*** MATERIAL PROVIDED Section Begins ***

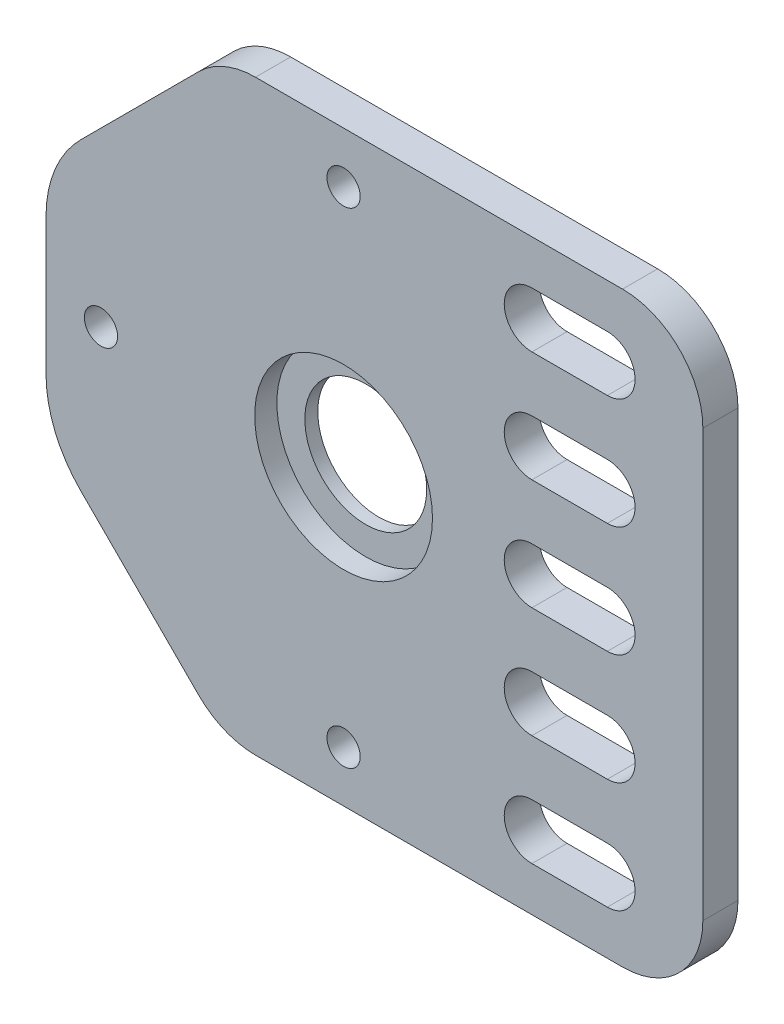
from build123d import *

# Parameters (mm, degrees)
SKETCH1_R           = 5.5
SKETCH1_R_2         = 1.5
BOSS_EXTRUDE1_DEPTH = 1.585
SKETCH3_R           = 8.025
CUT_EXTRUDE1_DEPTH  = 2


with BuildPart() as part:
    # Sketch1 → Boss-Extrude1 (new body, symmetric)
    with BuildSketch(Plane.XY):
        with BuildLine():
            Line((25.18, -26.5), (-7.946951673, -26.5))
            ThreePointArc((-7.946951673, -26.5), (-10.721406557, -25.948126611), (-13.073475836, -24.376524164))
            Line((-13.073475836, -24.376524164), (-23.731900423, -13.718099577))
            ThreePointArc((-23.731900423, -13.718099577), (-26.047033407, -10.253258212), (-26.86, -6.166199154))
            Line((-26.86, -6.166199154), (-26.86, 6.166199154))
            ThreePointArc((-26.86, 6.166199154), (-26.047033407, 10.253258212), (-23.731900423, 13.718099577))
            Line((-23.731900423, 13.718099577), (-13.073475836, 24.376524164))
            ThreePointArc((-13.073475836, 24.376524164), (-10.721406557, 25.948126611), (-7.946951673, 26.5))
            Line((-7.946951673, 26.5), (25.18, 26.5))
            ThreePointArc((25.18, 26.5), (30.306524164, 24.376524164), (32.43, 19.25))
            Line((32.43, 19.25), (32.43, -19.25))
            ThreePointArc((32.43, -19.25), (30.306524164, -24.376524164), (25.18, -26.5))
        make_face()
        Circle(SKETCH1_R, mode=Mode.SUBTRACT)
        with Locations((0, 21.9)):
            Circle(SKETCH1_R_2, mode=Mode.SUBTRACT)
        with Locations((-21.9, 0)):
            Circle(SKETCH1_R_2, mode=Mode.SUBTRACT)
        with Locations((0, -21.9)):
            Circle(SKETCH1_R_2, mode=Mode.SUBTRACT)
        with BuildLine():
            Line((17, 22.5), (23.81, 22.5))
            ThreePointArc((23.81, 22.5), (26.31, 20), (23.81, 17.5))
            Line((23.81, 17.5), (17, 17.5))
            ThreePointArc((17, 17.5), (14.5, 20), (17, 22.5))
        make_face(mode=Mode.SUBTRACT)
        with BuildLine():
            Line((17, 12.5), (23.81, 12.5))
            ThreePointArc((23.81, 12.5), (26.31, 10), (23.81, 7.5))
            Line((23.81, 7.5), (17, 7.5))
            ThreePointArc((17, 7.5), (14.5, 10), (17, 12.5))
        make_face(mode=Mode.SUBTRACT)
        with BuildLine():
            Line((17, 2.5), (23.81, 2.5))
            ThreePointArc((23.81, 2.5), (26.31, 0), (23.81, -2.5))
            Line((23.81, -2.5), (17, -2.5))
            ThreePointArc((17, -2.5), (14.5, 0), (17, 2.5))
        make_face(mode=Mode.SUBTRACT)
        with BuildLine():
            Line((17, -7.5), (23.81, -7.5))
            ThreePointArc((23.81, -7.5), (26.31, -10), (23.81, -12.5))
            Line((23.81, -12.5), (17, -12.5))
            ThreePointArc((17, -12.5), (14.5, -10), (17, -7.5))
        make_face(mode=Mode.SUBTRACT)
        with BuildLine():
            Line((17, -17.5), (23.81, -17.5))
            ThreePointArc((23.81, -17.5), (26.31, -20), (23.81, -22.5))
            Line((23.81, -22.5), (17, -22.5))
            ThreePointArc((17, -22.5), (14.5, -20), (17, -17.5))
        make_face(mode=Mode.SUBTRACT)
    extrude(amount=BOSS_EXTRUDE1_DEPTH, both=True)

    # Sketch3 → Cut-Extrude1 (cut)
    with BuildSketch(Plane.XY.offset(1.585)):
        Circle(SKETCH3_R)
    extrude(amount=-CUT_EXTRUDE1_DEPTH, mode=Mode.SUBTRACT)


solid = part.part
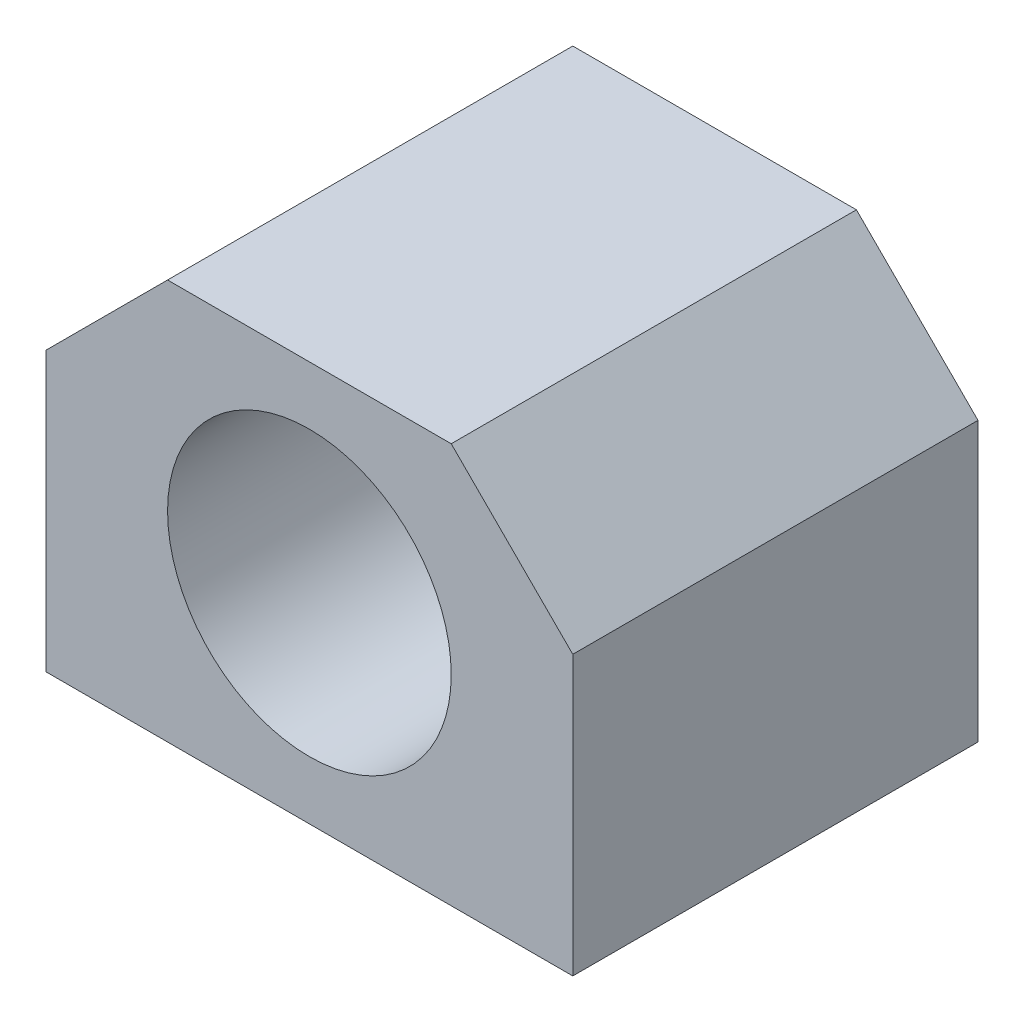
from build123d import *

# Parameters (mm, degrees)
SKETCH1_W           = 52
SKETCH1_H           = 39.5
SKETCH1_R           = 2.5
SKETCH1_R_2         = 14
BOSS_EXTRUDE1_DEPTH = 40
CHAMFER1_SIZE       = 12
SKETCH1_3_R         = 2.5
CUT_EXTRUDE1_DEPTH  = 16.5
SKETCH2_R           = 2.5
CUT_EXTRUDE2_DEPTH  = 8


with BuildPart() as part:
    # Sketch1 → Boss-Extrude1 (new body)
    with BuildSketch(Plane.XY):
        Rectangle(SKETCH1_W, SKETCH1_H)
        with Locations((13.258252147, 13.258252147)):
            Circle(SKETCH1_R, mode=Mode.SUBTRACT)
        with Locations((-13.258252147, 13.258252147)):
            Circle(SKETCH1_R, mode=Mode.SUBTRACT)
        with Locations((-18.75, 0)):
            Circle(SKETCH1_R, mode=Mode.SUBTRACT)
        with Locations((-13.258252147, -13.258252147)):
            Circle(SKETCH1_R, mode=Mode.SUBTRACT)
        with Locations((13.258252147, -13.258252147)):
            Circle(SKETCH1_R, mode=Mode.SUBTRACT)
        with Locations((18.75, 0)):
            Circle(SKETCH1_R, mode=Mode.SUBTRACT)
        Circle(SKETCH1_R_2, mode=Mode.SUBTRACT)
        with Locations((13.258252147, -13.258252147)):
            Circle(SKETCH1_R)
        with Locations((-13.258252147, -13.258252147)):
            Circle(SKETCH1_R)
        with Locations((-18.75, 0)):
            Circle(SKETCH1_R)
        with Locations((18.75, 0)):
            Circle(SKETCH1_R)
        with Locations((-13.258252147, 13.258252147)):
            Circle(SKETCH1_R)
        with Locations((13.258252147, 13.258252147)):
            Circle(SKETCH1_R)
    extrude(amount=BOSS_EXTRUDE1_DEPTH)

    # Chamfer1
    chamfer1_edges = [part.edges().sort_by_distance(p)[0] for p in [
        (-26, 19.75, 20),
        (26, 19.75, 20),
    ]]
    chamfer(chamfer1_edges, length=CHAMFER1_SIZE)

    # Sketch1_3 → Cut-Extrude1 (cut)
    with BuildSketch(Plane.XY):
        with Locations((13.258252147, 13.258252147)):
            Circle(SKETCH1_3_R)
        with Locations((18.75, 0)):
            Circle(SKETCH1_3_R)
        with Locations((13.258252147, -13.258252147)):
            Circle(SKETCH1_3_R)
        with Locations((-13.258252147, -13.258252147)):
            Circle(SKETCH1_3_R)
        with Locations((-18.75, 0)):
            Circle(SKETCH1_3_R)
        with Locations((-13.258252147, 13.258252147)):
            Circle(SKETCH1_3_R)
    extrude(amount=CUT_EXTRUDE1_DEPTH, mode=Mode.SUBTRACT)

    # Sketch2 → Cut-Extrude2 (cut)
    with BuildSketch(Plane.XZ.offset(19.75)):
        with Locations(Location((20, 8, 0), (0, 0, 270))):
            Circle(SKETCH2_R)
        with Locations(Location((-20, 8, 0), (0, 0, 270))):
            Circle(SKETCH2_R)
        with Locations(Location((20, 32, 0), (0, 0, 270))):
            Circle(SKETCH2_R)
        with Locations(Location((-20, 32, 0), (0, 0, 270))):
            Circle(SKETCH2_R)
    extrude(amount=-CUT_EXTRUDE2_DEPTH, mode=Mode.SUBTRACT)


solid = part.part

*** MATERIAL PROVIDED Section Ends ***

= ABOUT THIS EXERCISE =
This exercise needs every line of the listing that contains the word "body".

= RESULT OF THE TASK =
    # Sketch1 → Boss-Extrude1 (new body, symmetric)
    # Sketch1 → Boss-Extrude1 (new body)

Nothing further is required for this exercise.